Simmons had a little room built into the retaining wall of a dam he had built, which is where the KKK reportedly held initiation meetings, Crittenden says.

The land eventually passed through a few more hands before it before a Jewish rabbi turned it into Sky Lake Camp.

"To me, it was poetic justice that this place formerly owned by the grand dragon ended up being a place that employed the residents of Bean Creek," Crittenden said.

Living history

Driving down Bean Creek Road, Andy Allen recalls earlier times in her neighborhood. She easily recalls where families once lived, who has died and who has moved on.

"This road here, Trammell Drive, it goes round there for about a mile. They call that 'in the holler,'" she said with a laugh.

Some memories aren't as happy, like the time she wasn't allowed to travel with her school's basketball team.

"A lot of schools didn't desegregate as well as White County. We did it without no problems. There was no rioting or nothing like that," Allen said.

"When I went to White County High School in 1965-1966, I was the first black girl to play on the girls basketball team. We were going to Forsyth County to play ball and the coach told me, ‘Andy I love you too good to carry you over there. People don't accept blacks yet.'

"He said when they came to us, I could play. When they came, the fans threw black-eyed peas at me on the court. Every once in a while the officials would have to stop the game to clear the peas. They were some cruel people."

That wouldn't be Allen's last time integrating White County's school system.

Although the schools desegregated in the 1960s, the buses transporting students to school weren't integrated until 20 years later.

"I was the only black driver.

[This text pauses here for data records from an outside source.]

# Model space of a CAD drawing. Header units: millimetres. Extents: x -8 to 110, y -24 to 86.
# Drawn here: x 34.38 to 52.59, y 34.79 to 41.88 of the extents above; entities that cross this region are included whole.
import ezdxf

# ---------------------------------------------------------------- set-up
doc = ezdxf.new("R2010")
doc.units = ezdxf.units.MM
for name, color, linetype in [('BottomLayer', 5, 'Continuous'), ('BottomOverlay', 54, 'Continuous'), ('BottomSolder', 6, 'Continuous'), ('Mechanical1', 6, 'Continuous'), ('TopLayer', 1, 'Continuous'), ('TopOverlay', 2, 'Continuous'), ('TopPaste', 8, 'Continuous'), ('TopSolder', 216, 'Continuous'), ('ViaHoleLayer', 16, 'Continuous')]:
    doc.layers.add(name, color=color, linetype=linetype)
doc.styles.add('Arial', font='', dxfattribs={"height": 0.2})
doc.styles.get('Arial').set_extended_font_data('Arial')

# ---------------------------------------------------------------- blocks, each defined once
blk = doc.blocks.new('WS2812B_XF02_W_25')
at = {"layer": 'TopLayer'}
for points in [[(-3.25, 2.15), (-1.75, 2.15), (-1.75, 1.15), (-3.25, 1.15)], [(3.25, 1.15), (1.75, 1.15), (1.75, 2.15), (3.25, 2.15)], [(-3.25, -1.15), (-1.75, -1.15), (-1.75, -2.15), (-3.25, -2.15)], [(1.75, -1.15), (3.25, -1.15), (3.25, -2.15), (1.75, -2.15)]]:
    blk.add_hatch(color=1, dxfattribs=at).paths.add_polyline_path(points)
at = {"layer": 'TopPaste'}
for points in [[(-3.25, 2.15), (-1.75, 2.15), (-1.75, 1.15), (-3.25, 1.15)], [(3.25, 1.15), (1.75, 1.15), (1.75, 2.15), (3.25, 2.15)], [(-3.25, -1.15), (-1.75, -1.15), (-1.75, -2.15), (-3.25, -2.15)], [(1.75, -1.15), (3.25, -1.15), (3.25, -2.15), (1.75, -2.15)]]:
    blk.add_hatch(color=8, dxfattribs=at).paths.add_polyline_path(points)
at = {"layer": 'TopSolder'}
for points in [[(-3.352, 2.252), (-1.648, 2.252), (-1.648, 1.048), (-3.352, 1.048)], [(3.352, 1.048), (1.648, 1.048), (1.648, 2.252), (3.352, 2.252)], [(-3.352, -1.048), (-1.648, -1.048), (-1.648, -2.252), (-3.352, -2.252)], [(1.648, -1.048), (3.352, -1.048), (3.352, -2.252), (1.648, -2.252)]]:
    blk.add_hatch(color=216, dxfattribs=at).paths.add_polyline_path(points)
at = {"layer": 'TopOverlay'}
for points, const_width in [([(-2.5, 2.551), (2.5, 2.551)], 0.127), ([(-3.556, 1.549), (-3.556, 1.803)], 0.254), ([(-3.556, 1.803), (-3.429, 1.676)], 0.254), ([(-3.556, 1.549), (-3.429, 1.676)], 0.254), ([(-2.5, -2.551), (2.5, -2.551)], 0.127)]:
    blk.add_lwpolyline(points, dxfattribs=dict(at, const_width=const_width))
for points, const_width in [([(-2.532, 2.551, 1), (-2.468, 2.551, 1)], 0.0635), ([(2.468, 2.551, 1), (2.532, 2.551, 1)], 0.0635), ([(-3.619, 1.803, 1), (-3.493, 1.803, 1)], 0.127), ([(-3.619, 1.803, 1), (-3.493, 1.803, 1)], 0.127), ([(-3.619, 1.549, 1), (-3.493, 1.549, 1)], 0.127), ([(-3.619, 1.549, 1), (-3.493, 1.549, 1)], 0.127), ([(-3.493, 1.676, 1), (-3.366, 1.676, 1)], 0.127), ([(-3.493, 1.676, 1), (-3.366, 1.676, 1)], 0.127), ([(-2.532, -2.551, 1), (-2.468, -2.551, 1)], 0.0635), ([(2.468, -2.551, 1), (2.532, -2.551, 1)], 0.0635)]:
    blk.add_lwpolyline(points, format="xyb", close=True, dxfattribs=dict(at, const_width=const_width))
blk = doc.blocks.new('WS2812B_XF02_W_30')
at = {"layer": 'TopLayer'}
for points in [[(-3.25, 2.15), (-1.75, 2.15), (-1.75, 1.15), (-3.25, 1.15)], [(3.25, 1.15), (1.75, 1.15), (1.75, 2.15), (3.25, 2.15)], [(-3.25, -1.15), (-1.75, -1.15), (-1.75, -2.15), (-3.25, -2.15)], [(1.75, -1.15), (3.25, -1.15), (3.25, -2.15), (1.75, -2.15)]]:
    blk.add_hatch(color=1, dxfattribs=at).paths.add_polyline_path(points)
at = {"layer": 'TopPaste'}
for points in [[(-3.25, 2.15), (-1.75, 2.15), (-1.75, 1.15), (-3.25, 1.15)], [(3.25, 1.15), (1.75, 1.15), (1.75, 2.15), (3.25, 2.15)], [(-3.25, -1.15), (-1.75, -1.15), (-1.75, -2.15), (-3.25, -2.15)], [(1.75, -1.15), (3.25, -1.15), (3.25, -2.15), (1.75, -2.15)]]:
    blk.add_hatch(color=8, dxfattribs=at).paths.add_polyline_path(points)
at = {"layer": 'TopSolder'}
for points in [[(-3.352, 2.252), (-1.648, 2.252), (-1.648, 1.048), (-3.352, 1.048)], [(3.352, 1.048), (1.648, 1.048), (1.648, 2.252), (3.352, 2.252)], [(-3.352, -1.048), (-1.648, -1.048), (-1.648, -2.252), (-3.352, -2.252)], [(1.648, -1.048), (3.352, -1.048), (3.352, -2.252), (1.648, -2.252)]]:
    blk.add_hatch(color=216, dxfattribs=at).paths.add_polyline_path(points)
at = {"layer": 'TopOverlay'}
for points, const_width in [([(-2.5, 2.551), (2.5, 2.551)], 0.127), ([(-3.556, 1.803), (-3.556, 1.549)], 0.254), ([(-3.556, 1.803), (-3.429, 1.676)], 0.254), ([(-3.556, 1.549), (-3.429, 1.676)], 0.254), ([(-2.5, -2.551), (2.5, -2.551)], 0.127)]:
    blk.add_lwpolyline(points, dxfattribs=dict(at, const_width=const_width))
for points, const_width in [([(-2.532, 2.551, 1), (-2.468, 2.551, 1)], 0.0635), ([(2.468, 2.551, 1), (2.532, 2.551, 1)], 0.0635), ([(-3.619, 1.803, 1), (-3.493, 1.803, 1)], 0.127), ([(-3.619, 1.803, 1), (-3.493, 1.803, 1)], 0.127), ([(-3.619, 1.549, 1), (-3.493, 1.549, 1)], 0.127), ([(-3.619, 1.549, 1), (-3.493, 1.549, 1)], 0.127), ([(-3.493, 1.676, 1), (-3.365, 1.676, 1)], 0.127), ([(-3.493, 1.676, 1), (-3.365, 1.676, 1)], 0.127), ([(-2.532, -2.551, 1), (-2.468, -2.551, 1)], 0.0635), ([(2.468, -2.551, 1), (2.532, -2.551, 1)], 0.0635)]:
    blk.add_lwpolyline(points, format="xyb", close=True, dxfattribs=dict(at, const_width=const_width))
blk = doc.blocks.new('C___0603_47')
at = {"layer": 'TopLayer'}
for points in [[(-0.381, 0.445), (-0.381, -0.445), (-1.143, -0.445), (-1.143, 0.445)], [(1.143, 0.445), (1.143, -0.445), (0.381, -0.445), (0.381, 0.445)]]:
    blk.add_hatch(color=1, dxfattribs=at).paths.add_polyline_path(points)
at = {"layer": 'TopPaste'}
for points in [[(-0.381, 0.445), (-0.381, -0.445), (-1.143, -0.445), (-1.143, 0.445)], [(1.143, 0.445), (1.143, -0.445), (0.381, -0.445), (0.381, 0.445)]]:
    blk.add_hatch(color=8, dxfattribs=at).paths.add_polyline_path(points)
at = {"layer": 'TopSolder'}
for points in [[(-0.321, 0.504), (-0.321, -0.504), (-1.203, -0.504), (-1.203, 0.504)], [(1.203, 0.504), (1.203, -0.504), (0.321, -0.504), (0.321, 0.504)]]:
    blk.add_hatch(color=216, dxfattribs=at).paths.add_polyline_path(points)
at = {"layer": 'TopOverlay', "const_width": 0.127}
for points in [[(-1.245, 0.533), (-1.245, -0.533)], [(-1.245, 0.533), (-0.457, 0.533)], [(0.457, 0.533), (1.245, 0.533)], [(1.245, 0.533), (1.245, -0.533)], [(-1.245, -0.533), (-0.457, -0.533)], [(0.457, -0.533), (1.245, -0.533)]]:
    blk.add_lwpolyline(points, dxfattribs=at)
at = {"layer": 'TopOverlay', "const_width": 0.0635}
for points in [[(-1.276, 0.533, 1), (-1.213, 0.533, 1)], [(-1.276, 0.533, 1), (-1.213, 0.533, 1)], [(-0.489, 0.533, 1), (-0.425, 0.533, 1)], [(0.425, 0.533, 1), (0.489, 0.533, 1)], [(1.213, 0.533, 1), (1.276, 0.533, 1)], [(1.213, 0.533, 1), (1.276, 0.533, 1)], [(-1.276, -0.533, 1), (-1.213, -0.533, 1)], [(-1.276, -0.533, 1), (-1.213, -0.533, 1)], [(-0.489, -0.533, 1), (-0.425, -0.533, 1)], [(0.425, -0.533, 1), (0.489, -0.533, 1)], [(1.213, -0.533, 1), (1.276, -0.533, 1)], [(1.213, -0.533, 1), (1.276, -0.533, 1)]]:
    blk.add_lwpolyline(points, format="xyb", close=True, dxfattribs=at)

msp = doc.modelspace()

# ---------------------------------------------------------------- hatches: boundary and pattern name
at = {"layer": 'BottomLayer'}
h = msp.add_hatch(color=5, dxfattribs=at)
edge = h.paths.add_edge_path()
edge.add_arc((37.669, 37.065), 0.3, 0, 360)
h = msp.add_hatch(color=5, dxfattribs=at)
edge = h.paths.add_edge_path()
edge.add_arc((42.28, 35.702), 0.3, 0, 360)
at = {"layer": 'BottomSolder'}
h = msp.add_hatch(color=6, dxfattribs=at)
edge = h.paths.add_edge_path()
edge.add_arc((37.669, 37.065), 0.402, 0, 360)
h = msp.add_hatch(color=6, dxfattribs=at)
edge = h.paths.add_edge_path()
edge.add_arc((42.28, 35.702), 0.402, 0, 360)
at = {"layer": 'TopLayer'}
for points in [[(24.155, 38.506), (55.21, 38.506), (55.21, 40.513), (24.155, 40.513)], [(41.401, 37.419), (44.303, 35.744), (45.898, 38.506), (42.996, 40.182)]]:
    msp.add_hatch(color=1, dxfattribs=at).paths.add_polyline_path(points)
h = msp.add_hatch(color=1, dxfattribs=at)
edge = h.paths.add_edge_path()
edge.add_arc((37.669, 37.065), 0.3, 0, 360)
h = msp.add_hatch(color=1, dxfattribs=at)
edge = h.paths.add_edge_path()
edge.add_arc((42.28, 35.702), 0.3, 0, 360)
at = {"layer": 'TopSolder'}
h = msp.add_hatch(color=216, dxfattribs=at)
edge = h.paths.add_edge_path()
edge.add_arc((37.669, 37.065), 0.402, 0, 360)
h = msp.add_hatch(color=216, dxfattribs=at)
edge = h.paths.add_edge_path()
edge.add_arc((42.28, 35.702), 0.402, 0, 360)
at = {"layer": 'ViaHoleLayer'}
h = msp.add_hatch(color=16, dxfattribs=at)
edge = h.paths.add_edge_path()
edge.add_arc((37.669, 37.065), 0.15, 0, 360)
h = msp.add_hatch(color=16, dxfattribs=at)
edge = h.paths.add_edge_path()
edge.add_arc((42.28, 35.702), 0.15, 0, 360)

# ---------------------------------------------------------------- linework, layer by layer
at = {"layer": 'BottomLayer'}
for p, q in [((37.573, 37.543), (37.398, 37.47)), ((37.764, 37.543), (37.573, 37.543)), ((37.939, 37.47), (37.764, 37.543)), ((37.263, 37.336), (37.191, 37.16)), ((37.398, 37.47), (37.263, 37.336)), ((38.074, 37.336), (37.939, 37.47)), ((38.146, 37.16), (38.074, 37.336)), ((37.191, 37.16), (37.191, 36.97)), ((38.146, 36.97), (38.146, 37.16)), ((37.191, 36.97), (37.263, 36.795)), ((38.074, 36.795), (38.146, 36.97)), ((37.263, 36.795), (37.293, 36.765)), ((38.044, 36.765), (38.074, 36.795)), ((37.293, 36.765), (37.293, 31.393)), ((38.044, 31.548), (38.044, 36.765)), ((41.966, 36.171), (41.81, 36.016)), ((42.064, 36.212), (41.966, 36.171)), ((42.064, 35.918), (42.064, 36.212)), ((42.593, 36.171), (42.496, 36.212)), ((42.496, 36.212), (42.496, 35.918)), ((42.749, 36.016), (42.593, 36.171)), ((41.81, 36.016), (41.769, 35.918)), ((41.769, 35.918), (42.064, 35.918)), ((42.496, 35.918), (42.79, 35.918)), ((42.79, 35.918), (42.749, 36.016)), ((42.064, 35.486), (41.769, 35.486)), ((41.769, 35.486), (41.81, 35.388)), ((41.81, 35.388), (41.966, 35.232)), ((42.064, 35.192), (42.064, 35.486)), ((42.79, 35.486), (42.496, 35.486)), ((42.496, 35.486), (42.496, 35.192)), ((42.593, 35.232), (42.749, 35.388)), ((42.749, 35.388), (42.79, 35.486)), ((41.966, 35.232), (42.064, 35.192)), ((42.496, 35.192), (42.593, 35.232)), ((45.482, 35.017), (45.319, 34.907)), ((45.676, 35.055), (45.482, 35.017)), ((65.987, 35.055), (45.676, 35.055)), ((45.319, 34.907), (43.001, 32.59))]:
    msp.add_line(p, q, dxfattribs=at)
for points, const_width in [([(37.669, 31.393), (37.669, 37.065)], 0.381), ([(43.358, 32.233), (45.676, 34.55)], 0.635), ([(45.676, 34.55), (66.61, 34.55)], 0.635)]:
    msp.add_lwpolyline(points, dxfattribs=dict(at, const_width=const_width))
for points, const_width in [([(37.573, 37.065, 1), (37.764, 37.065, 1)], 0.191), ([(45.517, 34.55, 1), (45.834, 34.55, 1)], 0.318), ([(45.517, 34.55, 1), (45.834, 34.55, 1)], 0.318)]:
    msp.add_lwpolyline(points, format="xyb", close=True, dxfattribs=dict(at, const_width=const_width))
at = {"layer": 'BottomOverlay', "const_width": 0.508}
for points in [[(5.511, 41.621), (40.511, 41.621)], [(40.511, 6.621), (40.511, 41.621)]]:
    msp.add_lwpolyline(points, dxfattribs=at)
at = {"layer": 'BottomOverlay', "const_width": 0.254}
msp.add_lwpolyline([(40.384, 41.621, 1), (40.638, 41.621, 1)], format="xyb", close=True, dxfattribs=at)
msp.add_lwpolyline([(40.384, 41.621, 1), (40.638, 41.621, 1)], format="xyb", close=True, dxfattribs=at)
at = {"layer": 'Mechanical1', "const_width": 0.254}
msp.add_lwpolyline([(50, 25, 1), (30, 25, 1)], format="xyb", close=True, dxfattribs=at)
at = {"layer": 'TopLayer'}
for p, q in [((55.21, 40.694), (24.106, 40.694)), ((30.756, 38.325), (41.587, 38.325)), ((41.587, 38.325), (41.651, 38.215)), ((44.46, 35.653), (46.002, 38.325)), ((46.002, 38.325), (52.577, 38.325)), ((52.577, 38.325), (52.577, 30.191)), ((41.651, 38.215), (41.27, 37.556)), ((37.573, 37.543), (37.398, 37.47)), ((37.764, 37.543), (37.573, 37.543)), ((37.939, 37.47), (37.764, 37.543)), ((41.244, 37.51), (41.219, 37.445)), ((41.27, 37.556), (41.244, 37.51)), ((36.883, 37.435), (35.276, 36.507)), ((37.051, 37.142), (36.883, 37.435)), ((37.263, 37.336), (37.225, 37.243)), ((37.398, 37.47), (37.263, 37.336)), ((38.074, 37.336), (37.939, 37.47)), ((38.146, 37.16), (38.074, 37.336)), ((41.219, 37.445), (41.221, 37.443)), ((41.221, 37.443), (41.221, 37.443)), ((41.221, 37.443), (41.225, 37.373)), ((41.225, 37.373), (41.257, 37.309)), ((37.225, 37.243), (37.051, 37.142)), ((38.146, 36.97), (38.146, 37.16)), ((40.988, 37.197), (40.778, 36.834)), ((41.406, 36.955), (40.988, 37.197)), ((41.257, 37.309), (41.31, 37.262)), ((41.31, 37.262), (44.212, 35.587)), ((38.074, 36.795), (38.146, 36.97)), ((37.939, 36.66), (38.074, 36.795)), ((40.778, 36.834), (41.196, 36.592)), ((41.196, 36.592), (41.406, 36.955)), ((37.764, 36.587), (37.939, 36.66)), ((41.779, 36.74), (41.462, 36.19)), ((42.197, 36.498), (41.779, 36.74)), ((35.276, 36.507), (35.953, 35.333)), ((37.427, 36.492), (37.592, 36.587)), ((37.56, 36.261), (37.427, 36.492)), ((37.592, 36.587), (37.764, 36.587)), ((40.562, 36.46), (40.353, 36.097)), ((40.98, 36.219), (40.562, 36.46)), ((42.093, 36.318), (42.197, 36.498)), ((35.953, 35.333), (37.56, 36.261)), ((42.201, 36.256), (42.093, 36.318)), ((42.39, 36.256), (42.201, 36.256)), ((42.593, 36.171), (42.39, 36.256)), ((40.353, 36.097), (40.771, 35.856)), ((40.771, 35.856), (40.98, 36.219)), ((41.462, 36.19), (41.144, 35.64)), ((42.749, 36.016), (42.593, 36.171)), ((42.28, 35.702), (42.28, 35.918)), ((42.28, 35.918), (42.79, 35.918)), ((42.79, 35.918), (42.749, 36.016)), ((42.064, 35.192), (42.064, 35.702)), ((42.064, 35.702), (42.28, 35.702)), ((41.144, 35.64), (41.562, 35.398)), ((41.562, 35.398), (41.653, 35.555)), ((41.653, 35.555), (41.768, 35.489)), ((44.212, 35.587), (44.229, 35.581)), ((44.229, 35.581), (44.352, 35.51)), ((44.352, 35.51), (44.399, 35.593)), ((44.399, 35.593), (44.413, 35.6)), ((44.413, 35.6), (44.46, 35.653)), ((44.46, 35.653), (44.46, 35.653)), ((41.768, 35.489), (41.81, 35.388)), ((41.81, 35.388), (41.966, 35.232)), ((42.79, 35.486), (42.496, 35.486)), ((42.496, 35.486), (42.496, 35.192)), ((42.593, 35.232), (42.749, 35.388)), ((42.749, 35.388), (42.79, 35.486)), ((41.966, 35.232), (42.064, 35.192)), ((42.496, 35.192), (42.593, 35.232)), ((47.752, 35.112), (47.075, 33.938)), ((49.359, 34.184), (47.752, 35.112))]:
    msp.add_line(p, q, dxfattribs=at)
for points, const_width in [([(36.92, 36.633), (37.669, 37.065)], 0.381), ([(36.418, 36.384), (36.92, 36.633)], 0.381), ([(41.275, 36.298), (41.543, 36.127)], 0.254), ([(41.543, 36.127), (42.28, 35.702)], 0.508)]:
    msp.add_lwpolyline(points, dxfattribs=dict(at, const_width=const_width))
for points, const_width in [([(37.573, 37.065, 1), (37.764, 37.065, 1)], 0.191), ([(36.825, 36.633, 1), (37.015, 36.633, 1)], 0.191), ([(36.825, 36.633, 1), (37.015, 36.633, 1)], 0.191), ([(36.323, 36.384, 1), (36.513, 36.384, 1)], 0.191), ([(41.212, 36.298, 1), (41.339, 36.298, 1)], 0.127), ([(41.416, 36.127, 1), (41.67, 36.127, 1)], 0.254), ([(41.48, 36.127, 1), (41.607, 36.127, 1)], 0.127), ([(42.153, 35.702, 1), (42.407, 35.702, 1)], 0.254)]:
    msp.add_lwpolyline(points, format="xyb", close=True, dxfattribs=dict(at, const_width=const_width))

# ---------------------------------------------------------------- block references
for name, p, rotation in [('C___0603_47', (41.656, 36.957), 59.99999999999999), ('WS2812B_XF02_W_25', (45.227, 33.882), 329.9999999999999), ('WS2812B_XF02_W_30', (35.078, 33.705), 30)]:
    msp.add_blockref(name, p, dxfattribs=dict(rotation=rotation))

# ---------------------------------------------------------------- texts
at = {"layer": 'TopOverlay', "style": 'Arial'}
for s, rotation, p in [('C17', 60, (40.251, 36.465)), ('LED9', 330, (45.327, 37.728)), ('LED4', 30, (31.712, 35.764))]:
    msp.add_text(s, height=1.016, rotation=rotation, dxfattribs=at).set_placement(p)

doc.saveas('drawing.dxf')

I was only hauling black kids," Allen said.

Though she wanted to stop and pick up the other kids, she wasn't allowed to.

"I was bypassing white children standing on the road waiting for their buses and I would only have about 25 kids on my bus, and it was a 66-passenger bus."

Things didn't change until a number of community complaints, including those from Allen, caused the school board to integrate the buses in October 1989.

Good or bad, community preservationists say all local anecdotes and history need to be recorded. Not to judge, but for posterity's sake.

If it isn't written down, how else will future generations know that when 20th Century Fox came to Sautee to film "I'd Climb the Highest Mountain" in the 1950s, Bean Creek residents Lam and Pierce Jarrett rented film crews a horse and buggy for $50 a day?

Or that decades after it became available, Mary Ann Brown Winn never had running water or electricity installed in her home.

"She never even had a stove. Her windows didn't have glass, just wooden shutters that she would push open or pull closed with a rope," Allen said of her mother's aunt.

"That's how she grew up, so she saw no reason to change it. She lived there until she died."

And how the black congregation of the Bean Creek Baptist Church was able to save money to pay $10 in the 1800s for the church building and a surrounding acre of land.

"Our history is vanishing," Allen said.

If not for written history, who will tell future generations how Margaret Jarrett used a nail to scratch an engraving on the tombstone of her mother, Mary Lou Jarrett, who died in April 1955?

If not for local history books and museums, who will tell the tales of the descendents of slaves buried in the Bean Creek church cemetery?

People like Dorsey won't be around forever to share what they know.

"It was lots more people here than it is now," Dorsey said. "Everybody had big families then, but when they grew up and could do better, they got out from here. I reckon I never did have a desire to leave.

"The thang of it is, there's gonna be a bad apple in every bunch. That's between them and they God. Some of them didn't know better, but I suppose some of them did.

"I forgive 'em for it. They gotta pay for it. Not me."